Blacks@Dartmouth 1775 to 1960

Charles Benjamin Dunbar

Physician, politician and Liberian colonist

alumnus image

Dartmouth Medical School M.D.

Class of 1853

Born  1829  NY

Died 1878 Monrovia Liberia

Quotes from Biographical Sources

Another of the African-American physicians, a mulatto who came to Liberia to serve was Dr. Charles Benjamin Dunbar. He was an extraordinary man who later became one of the most politically and professionally influential and wealthy figures in Liberia in the second half of the 19th century. Born in New York in December 1829, he trained at Dartmouth Medical School and graduated MD in 1853. He had a good medical practice in New York until 1859 when he decided to settle in Liberia. A few years earlier, he had first visited the new black Republic on the West African coast to assess the situation, particularly the prospects for profitable business.
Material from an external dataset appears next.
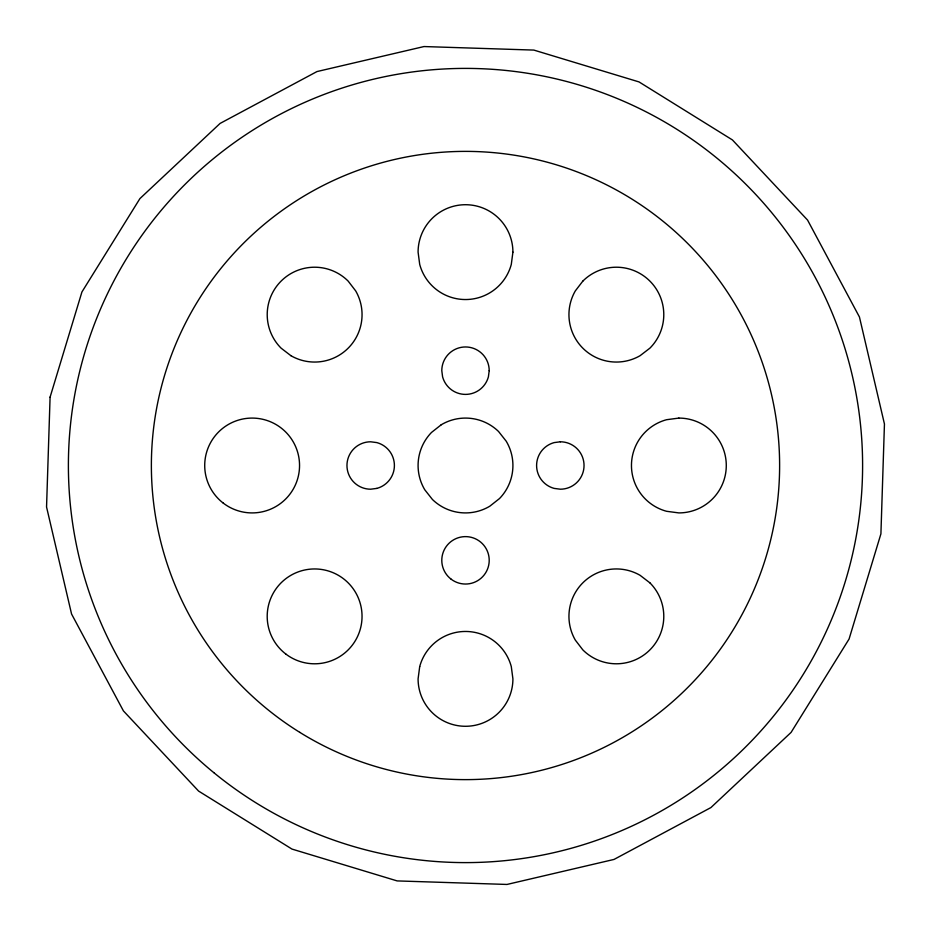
<?xml version="1.0" encoding="UTF-8"?>
<svg xmlns="http://www.w3.org/2000/svg" width="931" height="931" viewBox="0 0 931 931"><rect width="100%" height="100%" fill="white"/><g stroke="black" fill="none" stroke-linecap="round" stroke-linejoin="round"><path stroke-width="1.4" d="M50.088 397.141L46.55 506.988L71.559 614.006L123.427 710.912L198.594 791.082L291.962 849.072L397.141 880.912L506.988 884.45L614.006 859.441L710.912 807.573L791.082 732.406L849.072 639.038L880.912 533.859L884.45 424.012L859.441 316.994L807.573 220.088L732.406 139.918L639.038 81.928L533.859 50.088L424.012 46.55L316.994 71.559L220.088 123.427L139.918 198.594L81.928 291.962L50.088 397.141M419.706 666.596L418.089 678.862A47.411 47.411 0 0 0 465.5 726.285A47.411 47.411 0 0 0 512.911 678.862L511.294 666.596A47.411 47.411 0 0 0 419.706 666.596M489.206 370.666L488.403 376.811A23.706 23.706 0 0 1 442.597 376.811L441.794 370.666A23.706 23.706 0 0 1 465.5 346.96A23.706 23.706 0 0 1 489.206 370.666M512.911 252.138L511.294 264.404A47.411 47.411 0 0 1 419.706 264.404L418.089 252.138A47.411 47.411 0 0 1 465.5 204.715A47.411 47.411 0 0 1 512.911 252.138M582.841 281.104L575.311 290.914A47.411 47.411 0 0 0 640.086 355.689L649.896 348.159A47.411 47.411 0 0 0 649.896 281.104A47.411 47.411 0 0 0 582.841 281.104M441.213 424.78L431.495 432.45A47.411 47.411 0 0 0 424.78 489.787L432.45 499.505A47.411 47.411 0 0 0 489.787 506.22L499.505 498.55A47.411 47.411 0 0 0 506.22 441.213L498.55 431.495A47.411 47.411 0 0 0 441.213 424.78M678.862 418.089L666.596 419.706A47.411 47.411 0 0 0 666.596 511.294L678.862 512.911A47.411 47.411 0 0 0 726.285 465.5A47.411 47.411 0 0 0 678.862 418.089M560.334 441.794L554.189 442.597A23.706 23.706 0 0 0 554.189 488.403L560.334 489.206A23.706 23.706 0 0 0 584.04 465.5A23.706 23.706 0 0 0 560.334 441.794M376.811 488.403L370.666 489.206A23.706 23.706 0 0 1 346.96 465.5A23.706 23.706 0 0 1 370.666 441.794L376.811 442.597A23.706 23.706 0 0 1 376.811 488.403M649.896 582.841L640.086 575.311A47.411 47.411 0 0 0 575.311 640.086L582.841 649.896A47.411 47.411 0 0 0 649.896 649.896A47.411 47.411 0 0 0 649.896 582.841M290.914 355.689L281.104 348.159A47.411 47.411 0 0 1 281.104 281.104A47.411 47.411 0 0 1 348.159 281.104L355.689 290.914A47.411 47.411 0 0 1 290.914 355.689M213.746 772.602A397.095 397.095 0 0 0 857.335 529.972A397.095 397.095 0 0 0 325.419 93.926A397.095 397.095 0 0 0 213.746 772.602M299.77 732.348A314.119 314.119 0 0 0 779.456 475.613A314.119 314.119 0 0 0 317.273 188.551A314.119 314.119 0 0 0 299.77 732.348M451.209 579.245A23.706 23.706 0 0 0 489.031 563.255A23.706 23.706 0 0 0 456.271 538.49A23.706 23.706 0 0 0 451.209 579.245M285.759 653.993A47.411 47.411 0 0 0 361.635 622.56A47.411 47.411 0 0 0 296.477 572.565A47.411 47.411 0 0 0 285.759 653.993M223.265 503.112A47.411 47.411 0 0 0 299.142 471.691A47.411 47.411 0 0 0 233.984 421.696A47.411 47.411 0 0 0 223.265 503.112"/></g></svg>

That initial visit to Liberia convinced him that there were enormous opportunities to engage in profitable business in Liberia. While in Monrovia, Dr. Dunbar also resumed his medical practice and influenced many people in other ways. Outside the field of medicine, Dr. Dunbar was a farmer, a merchant, a lecturer at Liberia College, and a man interested in public affairs and actively involved in politics. As a farmer, he produced sugar cane. He and another business partner, Mr. M. T. DeCoursey, an African-American who emigrated to Liberia in 1851, and by the late 1850s was ‘a planter and manufacturer of sugar, coffee and dealer in African products.’

Dr. Dunbar’s exchange of communications with one of Liberia’s leading intellectuals of the 19th century, Rev. Alexander Crummell, led to the latter writing a long letter to Dr. Dunbar, in which he set forth his views on the ‘Relations and Duties of Free Colored Men in America to Africa,’ published in New York in 186. It is one of the most detailed collections of ideas on the subject.

A man with a flamboyant personality, Dr. Dunbar was a Senator and very deeply involved in the turbulent political crisis that led to the removal of President Edward J. Roye from office on October 26, 1871. Dr. Dunbar died in Monrovia, Liberia, in 1878 and was buried on the grounds of the Palm Grove Cemetery Company, Monrovia. Liberia’s 9th President, Anthony William Gardner, paid him this high tribute, ‘It is with much sorrow and grief that I have to inform your honorable body (the Legislature) that since your last meeting Senator C. B. Dunbar departed this life, much lamented by his friends and the country. As a medical man, the loss of Dr. Dunbar will be felt in this community, if not throughout the Republic, for a long time to come; and as an industrious and enterprising farmer and as a loyal citizen, Dr. Dunbar’s loss is keenly felt.’ One of his children, Mr. Charles B. Dunbar, Jr., a graduate of Lincoln University, Pennsylvania, (1895), who was also a former Liberian Senator and Attorney-General, was one of only two blacks present at the Treaty of Versailles, France, which ended the First World War.[Condensed and edited]


Njoh, Joseph N. (2018). The Beginning and Growth of Modern Medicine in Liberia & The Founding of the John F. Kennedy Medical Center, Liberia, pp. 70-75. Nigeria: Panaf Publishing, Inc.

Other source(s)

  1. Kenney, John A. (1912). The Negro in Medicine (p. 7): Tuskegee Institute Press.
  2. Message of His Excellency President A. W. Gardner to the Legislature - December 12, 1878. (1879). Papers Relating to the Foreign Relations of the United States (Vol. 1, p. 711): U.S. Department of State, U.S. Government Printing Office.